Return the following from the records below: each line, word for word, starting with the line that contains "#119=CARTESIAN_POINT('',(1.875,0.,-4.625));" and going on through the line that contains "#165=DIRECTION('',(1.,0.,0.));", with nothing outside that range.

*** Listed entries Section Begins ***

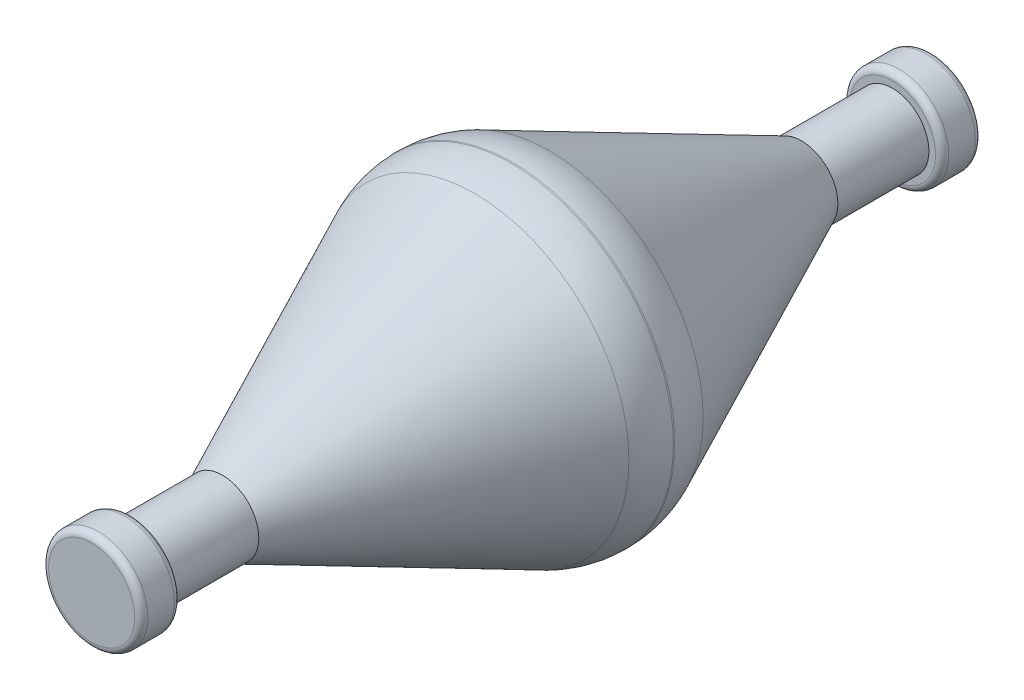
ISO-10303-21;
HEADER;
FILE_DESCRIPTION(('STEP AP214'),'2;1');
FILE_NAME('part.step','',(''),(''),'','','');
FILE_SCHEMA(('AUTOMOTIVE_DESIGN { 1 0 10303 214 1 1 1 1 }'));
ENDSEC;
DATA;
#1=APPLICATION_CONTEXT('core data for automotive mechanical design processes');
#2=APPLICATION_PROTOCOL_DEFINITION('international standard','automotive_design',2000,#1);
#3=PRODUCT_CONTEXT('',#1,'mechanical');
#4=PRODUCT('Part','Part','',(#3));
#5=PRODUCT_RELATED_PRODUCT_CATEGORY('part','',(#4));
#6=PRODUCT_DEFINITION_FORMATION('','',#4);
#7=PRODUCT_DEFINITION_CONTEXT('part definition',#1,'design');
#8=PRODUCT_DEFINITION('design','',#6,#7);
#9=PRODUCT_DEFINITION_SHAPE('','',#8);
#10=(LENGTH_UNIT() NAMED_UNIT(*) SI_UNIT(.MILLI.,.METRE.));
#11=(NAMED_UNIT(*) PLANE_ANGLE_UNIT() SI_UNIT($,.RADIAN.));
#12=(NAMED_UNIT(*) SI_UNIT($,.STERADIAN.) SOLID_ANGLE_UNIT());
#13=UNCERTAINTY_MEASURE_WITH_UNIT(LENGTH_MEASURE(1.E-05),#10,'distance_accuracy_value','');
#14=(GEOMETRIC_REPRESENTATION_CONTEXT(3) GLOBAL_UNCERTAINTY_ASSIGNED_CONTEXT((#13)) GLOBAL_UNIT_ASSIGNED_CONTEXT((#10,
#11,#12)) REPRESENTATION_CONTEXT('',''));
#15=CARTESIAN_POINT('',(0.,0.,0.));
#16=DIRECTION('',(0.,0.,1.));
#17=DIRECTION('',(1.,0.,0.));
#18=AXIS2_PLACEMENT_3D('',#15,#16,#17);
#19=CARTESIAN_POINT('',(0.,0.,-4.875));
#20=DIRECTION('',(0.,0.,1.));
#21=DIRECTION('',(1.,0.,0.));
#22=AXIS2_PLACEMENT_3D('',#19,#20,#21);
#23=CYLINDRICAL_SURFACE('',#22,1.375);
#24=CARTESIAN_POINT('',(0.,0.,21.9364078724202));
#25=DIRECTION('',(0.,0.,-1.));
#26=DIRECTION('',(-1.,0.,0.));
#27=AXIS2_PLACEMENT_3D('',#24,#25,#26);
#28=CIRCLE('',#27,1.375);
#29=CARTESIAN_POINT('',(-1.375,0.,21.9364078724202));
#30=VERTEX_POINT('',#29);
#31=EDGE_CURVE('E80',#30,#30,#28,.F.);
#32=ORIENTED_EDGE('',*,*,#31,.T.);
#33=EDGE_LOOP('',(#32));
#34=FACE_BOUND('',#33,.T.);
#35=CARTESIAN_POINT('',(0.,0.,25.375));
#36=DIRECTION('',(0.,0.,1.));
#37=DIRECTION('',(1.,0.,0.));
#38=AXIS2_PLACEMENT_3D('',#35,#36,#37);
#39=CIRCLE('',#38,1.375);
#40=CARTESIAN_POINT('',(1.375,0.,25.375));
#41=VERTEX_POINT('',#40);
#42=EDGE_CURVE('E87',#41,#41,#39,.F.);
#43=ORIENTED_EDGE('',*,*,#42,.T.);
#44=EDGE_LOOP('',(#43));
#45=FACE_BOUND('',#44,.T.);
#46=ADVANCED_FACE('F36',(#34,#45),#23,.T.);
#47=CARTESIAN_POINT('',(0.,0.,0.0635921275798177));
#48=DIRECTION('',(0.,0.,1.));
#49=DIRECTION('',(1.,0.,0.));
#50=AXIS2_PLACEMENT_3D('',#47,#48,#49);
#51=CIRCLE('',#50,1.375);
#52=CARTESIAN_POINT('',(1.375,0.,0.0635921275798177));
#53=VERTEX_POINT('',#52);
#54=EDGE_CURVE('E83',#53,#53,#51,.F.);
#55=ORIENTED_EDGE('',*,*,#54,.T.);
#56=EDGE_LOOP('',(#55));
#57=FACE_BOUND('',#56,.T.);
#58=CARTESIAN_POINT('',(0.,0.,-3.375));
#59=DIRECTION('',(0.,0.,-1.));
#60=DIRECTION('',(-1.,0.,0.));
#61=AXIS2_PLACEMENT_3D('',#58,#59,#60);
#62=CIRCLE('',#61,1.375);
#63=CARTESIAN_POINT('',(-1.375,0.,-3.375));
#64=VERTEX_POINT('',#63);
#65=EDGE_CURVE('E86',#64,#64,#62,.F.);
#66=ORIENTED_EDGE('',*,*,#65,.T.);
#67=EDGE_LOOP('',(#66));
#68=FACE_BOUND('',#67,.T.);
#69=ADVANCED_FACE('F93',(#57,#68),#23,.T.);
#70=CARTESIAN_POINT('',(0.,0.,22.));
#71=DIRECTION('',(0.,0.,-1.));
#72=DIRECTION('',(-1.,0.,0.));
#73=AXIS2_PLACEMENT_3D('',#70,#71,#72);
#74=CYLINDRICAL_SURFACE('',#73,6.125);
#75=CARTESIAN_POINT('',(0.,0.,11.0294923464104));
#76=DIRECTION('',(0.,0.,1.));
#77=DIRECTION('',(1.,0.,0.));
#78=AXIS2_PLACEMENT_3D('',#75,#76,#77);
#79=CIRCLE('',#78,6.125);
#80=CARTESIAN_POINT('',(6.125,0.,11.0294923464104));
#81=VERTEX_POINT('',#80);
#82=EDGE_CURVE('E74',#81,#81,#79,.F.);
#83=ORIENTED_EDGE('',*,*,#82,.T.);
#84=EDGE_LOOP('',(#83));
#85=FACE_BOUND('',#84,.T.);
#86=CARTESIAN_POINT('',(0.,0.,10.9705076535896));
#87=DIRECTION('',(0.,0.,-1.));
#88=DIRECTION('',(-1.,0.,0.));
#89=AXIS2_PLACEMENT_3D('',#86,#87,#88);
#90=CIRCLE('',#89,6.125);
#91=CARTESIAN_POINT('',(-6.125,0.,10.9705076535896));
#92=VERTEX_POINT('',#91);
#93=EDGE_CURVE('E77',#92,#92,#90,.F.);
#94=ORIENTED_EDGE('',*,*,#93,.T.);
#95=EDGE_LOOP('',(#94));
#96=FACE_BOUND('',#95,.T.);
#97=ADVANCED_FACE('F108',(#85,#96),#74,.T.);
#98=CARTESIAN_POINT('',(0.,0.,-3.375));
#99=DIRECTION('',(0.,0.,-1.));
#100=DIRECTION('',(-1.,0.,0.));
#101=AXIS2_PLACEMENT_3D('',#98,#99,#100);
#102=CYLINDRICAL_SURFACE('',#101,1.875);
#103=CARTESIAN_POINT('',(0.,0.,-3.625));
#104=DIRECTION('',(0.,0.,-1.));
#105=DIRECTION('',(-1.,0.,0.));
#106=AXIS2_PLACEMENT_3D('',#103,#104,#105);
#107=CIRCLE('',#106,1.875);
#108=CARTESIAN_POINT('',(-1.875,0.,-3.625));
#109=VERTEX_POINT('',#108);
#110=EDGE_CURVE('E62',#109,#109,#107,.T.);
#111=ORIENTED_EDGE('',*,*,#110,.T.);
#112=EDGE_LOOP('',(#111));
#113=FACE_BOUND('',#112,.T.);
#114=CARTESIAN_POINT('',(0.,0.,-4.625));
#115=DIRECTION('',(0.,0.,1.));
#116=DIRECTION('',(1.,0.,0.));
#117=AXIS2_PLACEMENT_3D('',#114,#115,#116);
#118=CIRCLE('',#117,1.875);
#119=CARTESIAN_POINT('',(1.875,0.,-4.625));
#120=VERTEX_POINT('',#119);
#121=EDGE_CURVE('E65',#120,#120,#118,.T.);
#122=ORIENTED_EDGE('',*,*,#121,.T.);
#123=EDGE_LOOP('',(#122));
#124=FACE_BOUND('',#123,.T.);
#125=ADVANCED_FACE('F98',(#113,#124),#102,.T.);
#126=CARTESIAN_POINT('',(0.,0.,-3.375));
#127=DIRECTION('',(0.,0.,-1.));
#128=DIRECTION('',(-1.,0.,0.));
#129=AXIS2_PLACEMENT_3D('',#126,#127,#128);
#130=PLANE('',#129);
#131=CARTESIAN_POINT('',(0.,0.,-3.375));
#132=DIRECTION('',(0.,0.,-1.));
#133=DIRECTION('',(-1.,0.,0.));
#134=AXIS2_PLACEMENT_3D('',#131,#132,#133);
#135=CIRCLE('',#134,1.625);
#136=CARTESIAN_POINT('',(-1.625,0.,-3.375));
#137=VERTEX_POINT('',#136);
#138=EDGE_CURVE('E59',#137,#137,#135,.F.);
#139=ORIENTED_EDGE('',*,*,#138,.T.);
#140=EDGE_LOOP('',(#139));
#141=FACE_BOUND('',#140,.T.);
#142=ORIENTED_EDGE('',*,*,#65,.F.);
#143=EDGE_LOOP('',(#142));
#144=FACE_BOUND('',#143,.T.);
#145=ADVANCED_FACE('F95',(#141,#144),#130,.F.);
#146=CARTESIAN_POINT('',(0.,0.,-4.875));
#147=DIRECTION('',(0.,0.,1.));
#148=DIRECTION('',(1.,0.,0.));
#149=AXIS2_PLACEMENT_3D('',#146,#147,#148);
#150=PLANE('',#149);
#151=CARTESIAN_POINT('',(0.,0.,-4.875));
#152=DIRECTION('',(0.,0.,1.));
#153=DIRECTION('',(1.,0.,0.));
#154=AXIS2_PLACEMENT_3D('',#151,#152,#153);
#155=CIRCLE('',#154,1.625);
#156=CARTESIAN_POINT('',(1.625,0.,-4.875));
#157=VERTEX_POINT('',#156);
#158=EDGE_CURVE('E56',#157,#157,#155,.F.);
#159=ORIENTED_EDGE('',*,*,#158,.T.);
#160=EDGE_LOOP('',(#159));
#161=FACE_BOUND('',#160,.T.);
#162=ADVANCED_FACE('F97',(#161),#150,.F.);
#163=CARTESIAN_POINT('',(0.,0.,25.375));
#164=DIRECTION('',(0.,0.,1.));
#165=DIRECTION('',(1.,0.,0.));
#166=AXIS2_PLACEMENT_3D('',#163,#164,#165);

*** Listed entries Section Ends ***

:: Expected answer ::
#119=CARTESIAN_POINT('',(1.875,0.,-4.625));
#120=VERTEX_POINT('',#119);
#121=EDGE_CURVE('E65',#120,#120,#118,.T.);
#122=ORIENTED_EDGE('',*,*,#121,.T.);
#123=EDGE_LOOP('',(#122));
#124=FACE_BOUND('',#123,.T.);
#125=ADVANCED_FACE('F98',(#113,#124),#102,.T.);
#126=CARTESIAN_POINT('',(0.,0.,-3.375));
#127=DIRECTION('',(0.,0.,-1.));
#128=DIRECTION('',(-1.,0.,0.));
#129=AXIS2_PLACEMENT_3D('',#126,#127,#128);
#130=PLANE('',#129);
#131=CARTESIAN_POINT('',(0.,0.,-3.375));
#132=DIRECTION('',(0.,0.,-1.));
#133=DIRECTION('',(-1.,0.,0.));
#134=AXIS2_PLACEMENT_3D('',#131,#132,#133);
#135=CIRCLE('',#134,1.625);
#136=CARTESIAN_POINT('',(-1.625,0.,-3.375));
#137=VERTEX_POINT('',#136);
#138=EDGE_CURVE('E59',#137,#137,#135,.F.);
#139=ORIENTED_EDGE('',*,*,#138,.T.);
#140=EDGE_LOOP('',(#139));
#141=FACE_BOUND('',#140,.T.);
#142=ORIENTED_EDGE('',*,*,#65,.F.);
#143=EDGE_LOOP('',(#142));
#144=FACE_BOUND('',#143,.T.);
#145=ADVANCED_FACE('F95',(#141,#144),#130,.F.);
#146=CARTESIAN_POINT('',(0.,0.,-4.875));
#147=DIRECTION('',(0.,0.,1.));
#148=DIRECTION('',(1.,0.,0.));
#149=AXIS2_PLACEMENT_3D('',#146,#147,#148);
#150=PLANE('',#149);
#151=CARTESIAN_POINT('',(0.,0.,-4.875));
#152=DIRECTION('',(0.,0.,1.));
#153=DIRECTION('',(1.,0.,0.));
#154=AXIS2_PLACEMENT_3D('',#151,#152,#153);
#155=CIRCLE('',#154,1.625);
#156=CARTESIAN_POINT('',(1.625,0.,-4.875));
#157=VERTEX_POINT('',#156);
#158=EDGE_CURVE('E56',#157,#157,#155,.F.);
#159=ORIENTED_EDGE('',*,*,#158,.T.);
#160=EDGE_LOOP('',(#159));
#161=FACE_BOUND('',#160,.T.);
#162=ADVANCED_FACE('F97',(#161),#150,.F.);
#163=CARTESIAN_POINT('',(0.,0.,25.375));
#164=DIRECTION('',(0.,0.,1.));
#165=DIRECTION('',(1.,0.,0.));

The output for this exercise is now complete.